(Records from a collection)
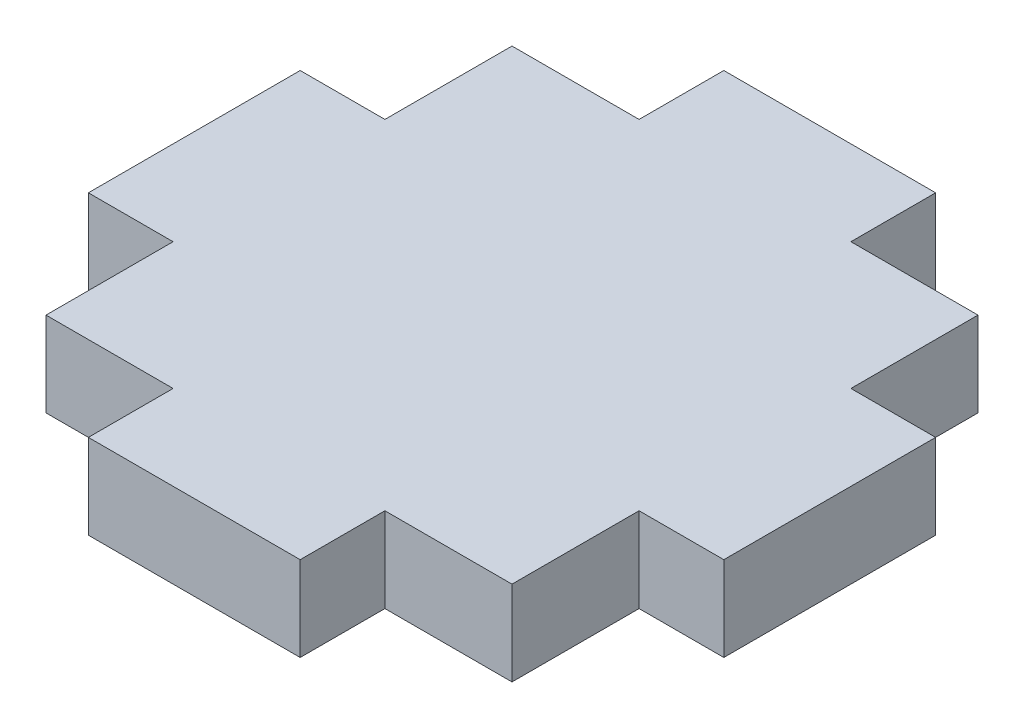
ISO-10303-21;
HEADER;
FILE_DESCRIPTION(('STEP AP214'),'2;1');
FILE_NAME('part.step','',(''),(''),'','','');
FILE_SCHEMA(('AUTOMOTIVE_DESIGN { 1 0 10303 214 1 1 1 1 }'));
ENDSEC;
DATA;
#1=APPLICATION_CONTEXT('core data for automotive mechanical design processes');
#2=APPLICATION_PROTOCOL_DEFINITION('international standard','automotive_design',2000,#1);
#3=PRODUCT_CONTEXT('',#1,'mechanical');
#4=PRODUCT('Part','Part','',(#3));
#5=PRODUCT_RELATED_PRODUCT_CATEGORY('part','',(#4));
#6=PRODUCT_DEFINITION_FORMATION('','',#4);
#7=PRODUCT_DEFINITION_CONTEXT('part definition',#1,'design');
#8=PRODUCT_DEFINITION('design','',#6,#7);
#9=PRODUCT_DEFINITION_SHAPE('','',#8);
#10=(LENGTH_UNIT() NAMED_UNIT(*) SI_UNIT(.MILLI.,.METRE.));
#11=(NAMED_UNIT(*) PLANE_ANGLE_UNIT() SI_UNIT($,.RADIAN.));
#12=(NAMED_UNIT(*) SI_UNIT($,.STERADIAN.) SOLID_ANGLE_UNIT());
#13=UNCERTAINTY_MEASURE_WITH_UNIT(LENGTH_MEASURE(1.E-05),#10,'distance_accuracy_value','');
#14=(GEOMETRIC_REPRESENTATION_CONTEXT(3) GLOBAL_UNCERTAINTY_ASSIGNED_CONTEXT((#13)) GLOBAL_UNIT_ASSIGNED_CONTEXT((#10,
#11,#12)) REPRESENTATION_CONTEXT('',''));
#15=CARTESIAN_POINT('',(0.,0.,0.));
#16=DIRECTION('',(0.,0.,1.));
#17=DIRECTION('',(1.,0.,0.));
#18=AXIS2_PLACEMENT_3D('',#15,#16,#17);
#19=CARTESIAN_POINT('',(26.,4.,0.));
#20=DIRECTION('',(-1.,0.,0.));
#21=DIRECTION('',(0.,0.,1.));
#22=AXIS2_PLACEMENT_3D('',#19,#20,#21);
#23=PLANE('',#22);
#24=DIRECTION('',(0.,0.,-1.));
#25=VECTOR('',#24,1.);
#26=CARTESIAN_POINT('',(26.,0.,0.));
#27=LINE('',#26,#25);
#28=CARTESIAN_POINT('',(26.,0.,-4.));
#29=VERTEX_POINT('',#28);
#30=CARTESIAN_POINT('',(26.,0.,-10.));
#31=VERTEX_POINT('',#30);
#32=EDGE_CURVE('E204',#29,#31,#27,.T.);
#33=ORIENTED_EDGE('',*,*,#32,.T.);
#34=DIRECTION('',(0.,-1.,0.));
#35=VECTOR('',#34,1.);
#36=CARTESIAN_POINT('',(26.,4.,-10.));
#37=LINE('',#36,#35);
#38=CARTESIAN_POINT('',(26.,4.,-10.));
#39=VERTEX_POINT('',#38);
#40=EDGE_CURVE('E11',#39,#31,#37,.T.);
#41=ORIENTED_EDGE('',*,*,#40,.F.);
#42=DIRECTION('',(0.,0.,-1.));
#43=VECTOR('',#42,1.);
#44=CARTESIAN_POINT('',(26.,4.,0.));
#45=LINE('',#44,#43);
#46=CARTESIAN_POINT('',(26.,4.,-4.));
#47=VERTEX_POINT('',#46);
#48=EDGE_CURVE('E306',#47,#39,#45,.T.);
#49=ORIENTED_EDGE('',*,*,#48,.F.);
#50=DIRECTION('',(0.,-1.,0.));
#51=VECTOR('',#50,1.);
#52=CARTESIAN_POINT('',(26.,4.,-4.));
#53=LINE('',#52,#51);
#54=EDGE_CURVE('E199',#47,#29,#53,.T.);
#55=ORIENTED_EDGE('',*,*,#54,.T.);
#56=EDGE_LOOP('',(#33,#41,#49,#55));
#57=FACE_BOUND('',#56,.T.);
#58=ADVANCED_FACE('F35',(#57),#23,.F.);
#59=CARTESIAN_POINT('',(0.,4.,-10.));
#60=DIRECTION('',(0.,0.,-1.));
#61=DIRECTION('',(-1.,0.,0.));
#62=AXIS2_PLACEMENT_3D('',#59,#60,#61);
#63=PLANE('',#62);
#64=DIRECTION('',(1.,0.,0.));
#65=VECTOR('',#64,1.);
#66=CARTESIAN_POINT('',(0.,0.,-10.));
#67=LINE('',#66,#65);
#68=CARTESIAN_POINT('',(30.,0.,-10.));
#69=VERTEX_POINT('',#68);
#70=EDGE_CURVE('E207',#31,#69,#67,.T.);
#71=ORIENTED_EDGE('',*,*,#70,.T.);
#72=DIRECTION('',(0.,-1.,0.));
#73=VECTOR('',#72,1.);
#74=CARTESIAN_POINT('',(30.,4.,-10.));
#75=LINE('',#74,#73);
#76=CARTESIAN_POINT('',(30.,4.,-10.));
#77=VERTEX_POINT('',#76);
#78=EDGE_CURVE('E44',#77,#69,#75,.T.);
#79=ORIENTED_EDGE('',*,*,#78,.F.);
#80=DIRECTION('',(1.,0.,0.));
#81=VECTOR('',#80,1.);
#82=CARTESIAN_POINT('',(0.,4.,-10.));
#83=LINE('',#82,#81);
#84=EDGE_CURVE('E127',#39,#77,#83,.T.);
#85=ORIENTED_EDGE('',*,*,#84,.F.);
#86=ORIENTED_EDGE('',*,*,#40,.T.);
#87=EDGE_LOOP('',(#71,#79,#85,#86));
#88=FACE_BOUND('',#87,.T.);
#89=ADVANCED_FACE('F37',(#88),#63,.F.);
#90=CARTESIAN_POINT('',(30.,4.,0.));
#91=DIRECTION('',(-1.,0.,0.));
#92=DIRECTION('',(0.,0.,1.));
#93=AXIS2_PLACEMENT_3D('',#90,#91,#92);
#94=PLANE('',#93);
#95=DIRECTION('',(0.,0.,-1.));
#96=VECTOR('',#95,1.);
#97=CARTESIAN_POINT('',(30.,0.,0.));
#98=LINE('',#97,#96);
#99=CARTESIAN_POINT('',(30.,0.,-20.));
#100=VERTEX_POINT('',#99);
#101=EDGE_CURVE('E210',#69,#100,#98,.T.);
#102=ORIENTED_EDGE('',*,*,#101,.T.);
#103=DIRECTION('',(0.,-1.,0.));
#104=VECTOR('',#103,1.);
#105=CARTESIAN_POINT('',(30.,4.,-20.));
#106=LINE('',#105,#104);
#107=CARTESIAN_POINT('',(30.,4.,-20.));
#108=VERTEX_POINT('',#107);
#109=EDGE_CURVE('E282',#108,#100,#106,.T.);
#110=ORIENTED_EDGE('',*,*,#109,.F.);
#111=DIRECTION('',(0.,0.,-1.));
#112=VECTOR('',#111,1.);
#113=CARTESIAN_POINT('',(30.,4.,0.));
#114=LINE('',#113,#112);
#115=EDGE_CURVE('E289',#77,#108,#114,.T.);
#116=ORIENTED_EDGE('',*,*,#115,.F.);
#117=ORIENTED_EDGE('',*,*,#78,.T.);
#118=EDGE_LOOP('',(#102,#110,#116,#117));
#119=FACE_BOUND('',#118,.T.);
#120=ADVANCED_FACE('F287',(#119),#94,.F.);
#121=CARTESIAN_POINT('',(0.,4.,-20.));
#122=DIRECTION('',(0.,0.,-1.));
#123=DIRECTION('',(-1.,0.,0.));
#124=AXIS2_PLACEMENT_3D('',#121,#122,#123);
#125=PLANE('',#124);
#126=DIRECTION('',(1.,0.,0.));
#127=VECTOR('',#126,1.);
#128=CARTESIAN_POINT('',(0.,0.,-20.));
#129=LINE('',#128,#127);
#130=CARTESIAN_POINT('',(26.,0.,-20.));
#131=VERTEX_POINT('',#130);
#132=EDGE_CURVE('E213',#131,#100,#129,.T.);
#133=ORIENTED_EDGE('',*,*,#132,.F.);
#134=DIRECTION('',(0.,-1.,0.));
#135=VECTOR('',#134,1.);
#136=CARTESIAN_POINT('',(26.,4.,-20.));
#137=LINE('',#136,#135);
#138=CARTESIAN_POINT('',(26.,4.,-20.));
#139=VERTEX_POINT('',#138);
#140=EDGE_CURVE('E280',#139,#131,#137,.T.);
#141=ORIENTED_EDGE('',*,*,#140,.F.);
#142=DIRECTION('',(1.,0.,0.));
#143=VECTOR('',#142,1.);
#144=CARTESIAN_POINT('',(0.,4.,-20.));
#145=LINE('',#144,#143);
#146=EDGE_CURVE('E301',#139,#108,#145,.T.);
#147=ORIENTED_EDGE('',*,*,#146,.T.);
#148=ORIENTED_EDGE('',*,*,#109,.T.);
#149=EDGE_LOOP('',(#133,#141,#147,#148));
#150=FACE_BOUND('',#149,.T.);
#151=ADVANCED_FACE('F297',(#150),#125,.T.);
#152=CARTESIAN_POINT('',(26.,0.,-26.));
#153=VERTEX_POINT('',#152);
#154=EDGE_CURVE('E208',#131,#153,#27,.T.);
#155=ORIENTED_EDGE('',*,*,#154,.T.);
#156=DIRECTION('',(0.,-1.,0.));
#157=VECTOR('',#156,1.);
#158=CARTESIAN_POINT('',(26.,4.,-26.));
#159=LINE('',#158,#157);
#160=CARTESIAN_POINT('',(26.,4.,-26.));
#161=VERTEX_POINT('',#160);
#162=EDGE_CURVE('E277',#161,#153,#159,.T.);
#163=ORIENTED_EDGE('',*,*,#162,.F.);
#164=EDGE_CURVE('E302',#139,#161,#45,.T.);
#165=ORIENTED_EDGE('',*,*,#164,.F.);
#166=ORIENTED_EDGE('',*,*,#140,.T.);
#167=EDGE_LOOP('',(#155,#163,#165,#166));
#168=FACE_BOUND('',#167,.T.);
#169=ADVANCED_FACE('F355',(#168),#23,.F.);
#170=CARTESIAN_POINT('',(0.,4.,-26.));
#171=DIRECTION('',(0.,0.,1.));
#172=DIRECTION('',(1.,0.,0.));
#173=AXIS2_PLACEMENT_3D('',#170,#171,#172);
#174=PLANE('',#173);
#175=DIRECTION('',(-1.,0.,0.));
#176=VECTOR('',#175,1.);
#177=CARTESIAN_POINT('',(0.,0.,-26.));
#178=LINE('',#177,#176);
#179=CARTESIAN_POINT('',(20.,0.,-26.));
#180=VERTEX_POINT('',#179);
#181=EDGE_CURVE('E216',#153,#180,#178,.T.);
#182=ORIENTED_EDGE('',*,*,#181,.T.);
#183=DIRECTION('',(0.,-1.,0.));
#184=VECTOR('',#183,1.);
#185=CARTESIAN_POINT('',(20.,4.,-26.));
#186=LINE('',#185,#184);
#187=CARTESIAN_POINT('',(20.,4.,-26.));
#188=VERTEX_POINT('',#187);
#189=EDGE_CURVE('E274',#188,#180,#186,.T.);
#190=ORIENTED_EDGE('',*,*,#189,.F.);
#191=DIRECTION('',(-1.,0.,0.));
#192=VECTOR('',#191,1.);
#193=CARTESIAN_POINT('',(0.,4.,-26.));
#194=LINE('',#193,#192);
#195=EDGE_CURVE('E304',#161,#188,#194,.T.);
#196=ORIENTED_EDGE('',*,*,#195,.F.);
#197=ORIENTED_EDGE('',*,*,#162,.T.);
#198=EDGE_LOOP('',(#182,#190,#196,#197));
#199=FACE_BOUND('',#198,.T.);
#200=ADVANCED_FACE('F361',(#199),#174,.F.);
#201=CARTESIAN_POINT('',(20.,4.,0.));
#202=DIRECTION('',(-1.,0.,0.));
#203=DIRECTION('',(0.,0.,1.));
#204=AXIS2_PLACEMENT_3D('',#201,#202,#203);
#205=PLANE('',#204);
#206=DIRECTION('',(0.,0.,-1.));
#207=VECTOR('',#206,1.);
#208=CARTESIAN_POINT('',(20.,0.,0.));
#209=LINE('',#208,#207);
#210=CARTESIAN_POINT('',(20.,0.,-30.));
#211=VERTEX_POINT('',#210);
#212=EDGE_CURVE('E218',#180,#211,#209,.T.);
#213=ORIENTED_EDGE('',*,*,#212,.T.);
#214=DIRECTION('',(0.,-1.,0.));
#215=VECTOR('',#214,1.);
#216=CARTESIAN_POINT('',(20.,4.,-30.));
#217=LINE('',#216,#215);
#218=CARTESIAN_POINT('',(20.,4.,-30.));
#219=VERTEX_POINT('',#218);
#220=EDGE_CURVE('E272',#219,#211,#217,.T.);
#221=ORIENTED_EDGE('',*,*,#220,.F.);
#222=DIRECTION('',(0.,0.,-1.));
#223=VECTOR('',#222,1.);
#224=CARTESIAN_POINT('',(20.,4.,0.));
#225=LINE('',#224,#223);
#226=EDGE_CURVE('E311',#188,#219,#225,.T.);
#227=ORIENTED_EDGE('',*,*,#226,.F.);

> [The task] Above are the records; repeat their lines from the first through the line containing "#10=(LENGTH_UNIT() NAMED_UNIT(*) SI_UNIT(.MILLI.,.METRE.));", and leave out each picture.

> [Result]
ISO-10303-21;
HEADER;
FILE_DESCRIPTION(('STEP AP214'),'2;1');
FILE_NAME('part.step','',(''),(''),'','','');
FILE_SCHEMA(('AUTOMOTIVE_DESIGN { 1 0 10303 214 1 1 1 1 }'));
ENDSEC;
DATA;
#1=APPLICATION_CONTEXT('core data for automotive mechanical design processes');
#2=APPLICATION_PROTOCOL_DEFINITION('international standard','automotive_design',2000,#1);
#3=PRODUCT_CONTEXT('',#1,'mechanical');
#4=PRODUCT('Part','Part','',(#3));
#5=PRODUCT_RELATED_PRODUCT_CATEGORY('part','',(#4));
#6=PRODUCT_DEFINITION_FORMATION('','',#4);
#7=PRODUCT_DEFINITION_CONTEXT('part definition',#1,'design');
#8=PRODUCT_DEFINITION('design','',#6,#7);
#9=PRODUCT_DEFINITION_SHAPE('','',#8);
#10=(LENGTH_UNIT() NAMED_UNIT(*) SI_UNIT(.MILLI.,.METRE.));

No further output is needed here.